* [What is required] Only certain lines below are wanted: those starting at the line containing "#128=CARTESIAN_POINT('',(-21.6,20.,3.));" and ending at the line containing "#147=VECTOR('',#146,1.);", both included, each retyped exactly.

* [Available data]
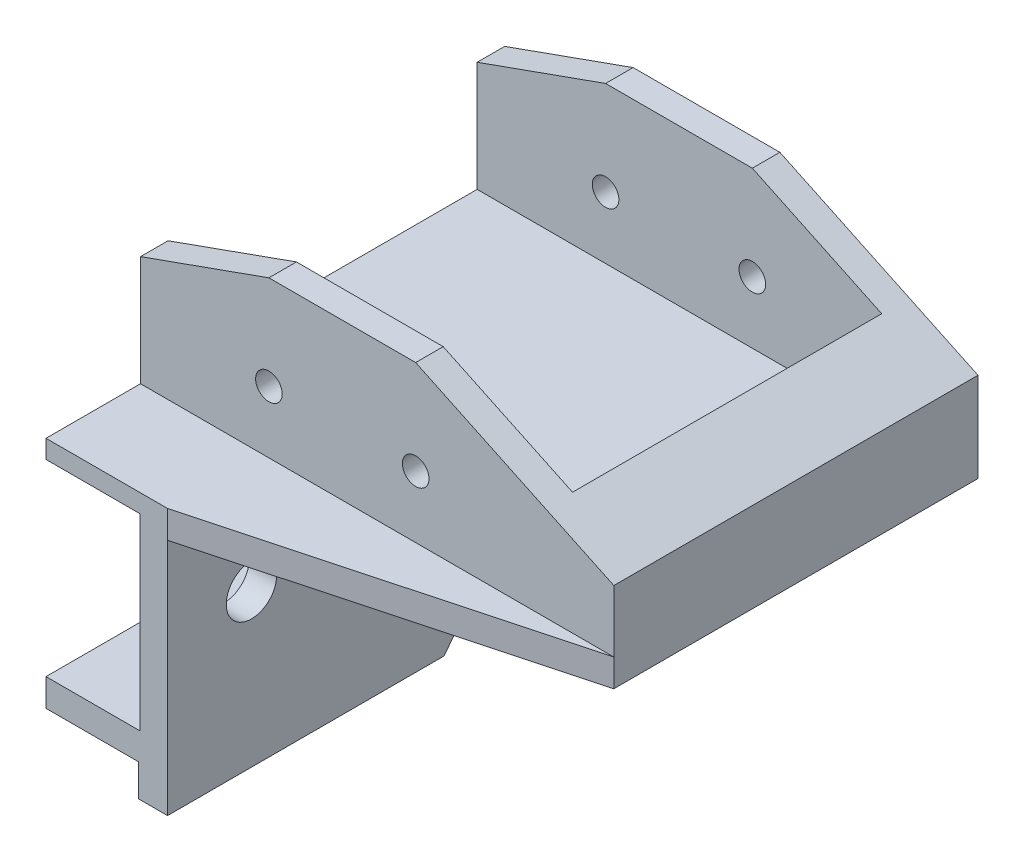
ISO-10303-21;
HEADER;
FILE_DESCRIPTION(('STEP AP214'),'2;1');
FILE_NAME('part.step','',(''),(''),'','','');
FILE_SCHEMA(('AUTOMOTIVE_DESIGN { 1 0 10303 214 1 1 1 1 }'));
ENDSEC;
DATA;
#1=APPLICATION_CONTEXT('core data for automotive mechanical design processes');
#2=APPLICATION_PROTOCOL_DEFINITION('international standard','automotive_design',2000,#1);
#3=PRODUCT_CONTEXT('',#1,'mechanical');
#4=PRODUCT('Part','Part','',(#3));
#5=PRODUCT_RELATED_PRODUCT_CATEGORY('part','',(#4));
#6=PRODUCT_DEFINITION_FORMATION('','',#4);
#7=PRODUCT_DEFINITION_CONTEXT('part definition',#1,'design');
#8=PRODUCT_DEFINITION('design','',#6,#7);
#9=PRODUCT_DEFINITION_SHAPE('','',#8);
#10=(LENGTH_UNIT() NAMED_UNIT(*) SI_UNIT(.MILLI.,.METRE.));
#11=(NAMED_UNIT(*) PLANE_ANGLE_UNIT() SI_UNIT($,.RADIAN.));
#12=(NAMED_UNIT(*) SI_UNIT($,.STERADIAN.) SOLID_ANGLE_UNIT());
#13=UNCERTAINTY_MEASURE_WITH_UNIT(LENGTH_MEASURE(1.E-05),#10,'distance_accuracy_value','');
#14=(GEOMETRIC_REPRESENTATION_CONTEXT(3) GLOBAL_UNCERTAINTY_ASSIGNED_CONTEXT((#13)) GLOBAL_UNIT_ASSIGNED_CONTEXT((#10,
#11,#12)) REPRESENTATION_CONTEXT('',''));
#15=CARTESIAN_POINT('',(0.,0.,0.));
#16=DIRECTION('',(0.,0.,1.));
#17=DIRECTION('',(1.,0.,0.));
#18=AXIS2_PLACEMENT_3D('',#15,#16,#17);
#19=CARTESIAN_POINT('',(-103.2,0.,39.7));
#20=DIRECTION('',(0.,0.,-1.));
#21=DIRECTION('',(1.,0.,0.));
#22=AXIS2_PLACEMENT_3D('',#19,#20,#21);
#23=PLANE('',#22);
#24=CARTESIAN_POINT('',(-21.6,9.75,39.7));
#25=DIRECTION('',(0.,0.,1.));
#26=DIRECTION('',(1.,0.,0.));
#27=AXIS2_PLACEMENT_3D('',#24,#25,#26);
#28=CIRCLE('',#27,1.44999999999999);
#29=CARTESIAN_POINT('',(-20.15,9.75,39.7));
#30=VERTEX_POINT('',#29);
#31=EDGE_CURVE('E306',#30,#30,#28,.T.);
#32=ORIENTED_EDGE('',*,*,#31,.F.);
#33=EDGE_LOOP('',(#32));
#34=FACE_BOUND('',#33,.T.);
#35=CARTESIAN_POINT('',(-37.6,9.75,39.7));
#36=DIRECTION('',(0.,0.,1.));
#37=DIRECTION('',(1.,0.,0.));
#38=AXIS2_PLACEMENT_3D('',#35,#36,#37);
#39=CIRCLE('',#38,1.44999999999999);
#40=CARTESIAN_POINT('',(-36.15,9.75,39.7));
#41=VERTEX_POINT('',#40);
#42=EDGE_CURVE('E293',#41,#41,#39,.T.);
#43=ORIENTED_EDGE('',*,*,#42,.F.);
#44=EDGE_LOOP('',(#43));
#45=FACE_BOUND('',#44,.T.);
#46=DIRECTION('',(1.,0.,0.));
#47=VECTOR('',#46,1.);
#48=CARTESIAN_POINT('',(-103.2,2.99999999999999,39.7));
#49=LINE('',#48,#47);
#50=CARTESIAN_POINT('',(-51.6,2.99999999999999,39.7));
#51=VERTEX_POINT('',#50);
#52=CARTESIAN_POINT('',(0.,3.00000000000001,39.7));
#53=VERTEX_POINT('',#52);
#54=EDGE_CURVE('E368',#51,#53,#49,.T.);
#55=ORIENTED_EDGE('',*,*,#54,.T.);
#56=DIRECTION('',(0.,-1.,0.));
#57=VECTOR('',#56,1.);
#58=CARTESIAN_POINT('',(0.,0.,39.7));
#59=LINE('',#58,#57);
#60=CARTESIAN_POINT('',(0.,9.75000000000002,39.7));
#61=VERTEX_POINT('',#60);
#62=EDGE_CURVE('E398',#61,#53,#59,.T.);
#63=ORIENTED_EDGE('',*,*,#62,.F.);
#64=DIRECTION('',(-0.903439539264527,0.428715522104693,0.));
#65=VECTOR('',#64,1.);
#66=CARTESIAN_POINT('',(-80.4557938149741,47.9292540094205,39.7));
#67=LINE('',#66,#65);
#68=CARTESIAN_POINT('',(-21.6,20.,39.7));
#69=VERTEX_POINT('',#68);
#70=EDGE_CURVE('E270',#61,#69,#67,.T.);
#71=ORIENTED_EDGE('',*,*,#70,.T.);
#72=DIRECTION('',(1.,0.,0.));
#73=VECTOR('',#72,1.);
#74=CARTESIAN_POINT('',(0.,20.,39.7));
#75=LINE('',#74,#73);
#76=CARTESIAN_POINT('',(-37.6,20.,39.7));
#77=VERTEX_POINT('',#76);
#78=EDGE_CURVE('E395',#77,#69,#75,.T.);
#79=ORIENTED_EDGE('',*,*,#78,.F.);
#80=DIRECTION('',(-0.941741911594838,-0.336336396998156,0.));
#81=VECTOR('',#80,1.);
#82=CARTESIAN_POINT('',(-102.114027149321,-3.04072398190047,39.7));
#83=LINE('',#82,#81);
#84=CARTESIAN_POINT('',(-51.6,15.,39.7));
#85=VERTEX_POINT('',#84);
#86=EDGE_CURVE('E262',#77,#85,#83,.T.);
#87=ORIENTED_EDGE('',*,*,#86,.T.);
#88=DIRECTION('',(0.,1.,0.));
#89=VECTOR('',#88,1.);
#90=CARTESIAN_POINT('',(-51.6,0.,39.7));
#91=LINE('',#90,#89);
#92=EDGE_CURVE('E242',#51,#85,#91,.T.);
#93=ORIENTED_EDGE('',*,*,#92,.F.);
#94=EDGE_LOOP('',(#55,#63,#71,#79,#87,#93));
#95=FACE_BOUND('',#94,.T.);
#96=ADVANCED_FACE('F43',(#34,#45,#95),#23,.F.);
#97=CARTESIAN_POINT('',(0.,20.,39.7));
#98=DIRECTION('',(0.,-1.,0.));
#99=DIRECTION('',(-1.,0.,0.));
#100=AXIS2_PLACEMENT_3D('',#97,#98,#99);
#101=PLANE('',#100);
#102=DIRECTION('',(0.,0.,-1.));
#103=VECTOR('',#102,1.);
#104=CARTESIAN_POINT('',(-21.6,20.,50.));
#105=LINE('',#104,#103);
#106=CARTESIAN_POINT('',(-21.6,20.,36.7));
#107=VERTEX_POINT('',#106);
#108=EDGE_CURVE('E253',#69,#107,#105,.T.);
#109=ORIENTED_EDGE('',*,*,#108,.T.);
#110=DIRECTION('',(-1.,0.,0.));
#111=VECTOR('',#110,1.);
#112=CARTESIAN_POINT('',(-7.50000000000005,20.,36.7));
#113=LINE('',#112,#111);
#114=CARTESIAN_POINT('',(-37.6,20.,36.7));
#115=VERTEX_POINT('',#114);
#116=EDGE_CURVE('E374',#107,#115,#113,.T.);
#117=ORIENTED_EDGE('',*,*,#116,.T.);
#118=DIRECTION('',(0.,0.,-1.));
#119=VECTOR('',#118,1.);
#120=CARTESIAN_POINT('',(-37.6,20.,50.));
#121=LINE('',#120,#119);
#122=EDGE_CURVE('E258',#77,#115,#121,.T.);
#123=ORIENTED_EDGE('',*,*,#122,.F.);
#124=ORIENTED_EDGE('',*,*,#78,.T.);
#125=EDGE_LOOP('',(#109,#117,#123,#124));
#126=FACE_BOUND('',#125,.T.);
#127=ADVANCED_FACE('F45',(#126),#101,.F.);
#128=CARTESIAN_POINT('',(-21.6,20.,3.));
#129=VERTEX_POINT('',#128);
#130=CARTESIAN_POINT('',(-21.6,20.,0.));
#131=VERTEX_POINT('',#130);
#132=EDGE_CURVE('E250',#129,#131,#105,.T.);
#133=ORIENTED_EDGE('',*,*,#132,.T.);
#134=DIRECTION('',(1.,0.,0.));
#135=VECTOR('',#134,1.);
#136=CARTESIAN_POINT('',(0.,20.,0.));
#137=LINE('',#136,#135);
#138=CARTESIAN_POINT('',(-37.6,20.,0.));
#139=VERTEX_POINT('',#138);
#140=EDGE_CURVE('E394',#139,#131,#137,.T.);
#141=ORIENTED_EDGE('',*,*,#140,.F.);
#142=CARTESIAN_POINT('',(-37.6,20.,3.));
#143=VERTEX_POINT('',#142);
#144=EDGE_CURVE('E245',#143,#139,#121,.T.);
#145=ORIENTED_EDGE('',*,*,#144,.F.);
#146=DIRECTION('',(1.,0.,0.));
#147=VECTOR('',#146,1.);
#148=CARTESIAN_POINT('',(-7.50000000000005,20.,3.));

* [Response area]
#128=CARTESIAN_POINT('',(-21.6,20.,3.));
#129=VERTEX_POINT('',#128);
#130=CARTESIAN_POINT('',(-21.6,20.,0.));
#131=VERTEX_POINT('',#130);
#132=EDGE_CURVE('E250',#129,#131,#105,.T.);
#133=ORIENTED_EDGE('',*,*,#132,.T.);
#134=DIRECTION('',(1.,0.,0.));
#135=VECTOR('',#134,1.);
#136=CARTESIAN_POINT('',(0.,20.,0.));
#137=LINE('',#136,#135);
#138=CARTESIAN_POINT('',(-37.6,20.,0.));
#139=VERTEX_POINT('',#138);
#140=EDGE_CURVE('E394',#139,#131,#137,.T.);
#141=ORIENTED_EDGE('',*,*,#140,.F.);
#142=CARTESIAN_POINT('',(-37.6,20.,3.));
#143=VERTEX_POINT('',#142);
#144=EDGE_CURVE('E245',#143,#139,#121,.T.);
#145=ORIENTED_EDGE('',*,*,#144,.F.);
#146=DIRECTION('',(1.,0.,0.));
#147=VECTOR('',#146,1.);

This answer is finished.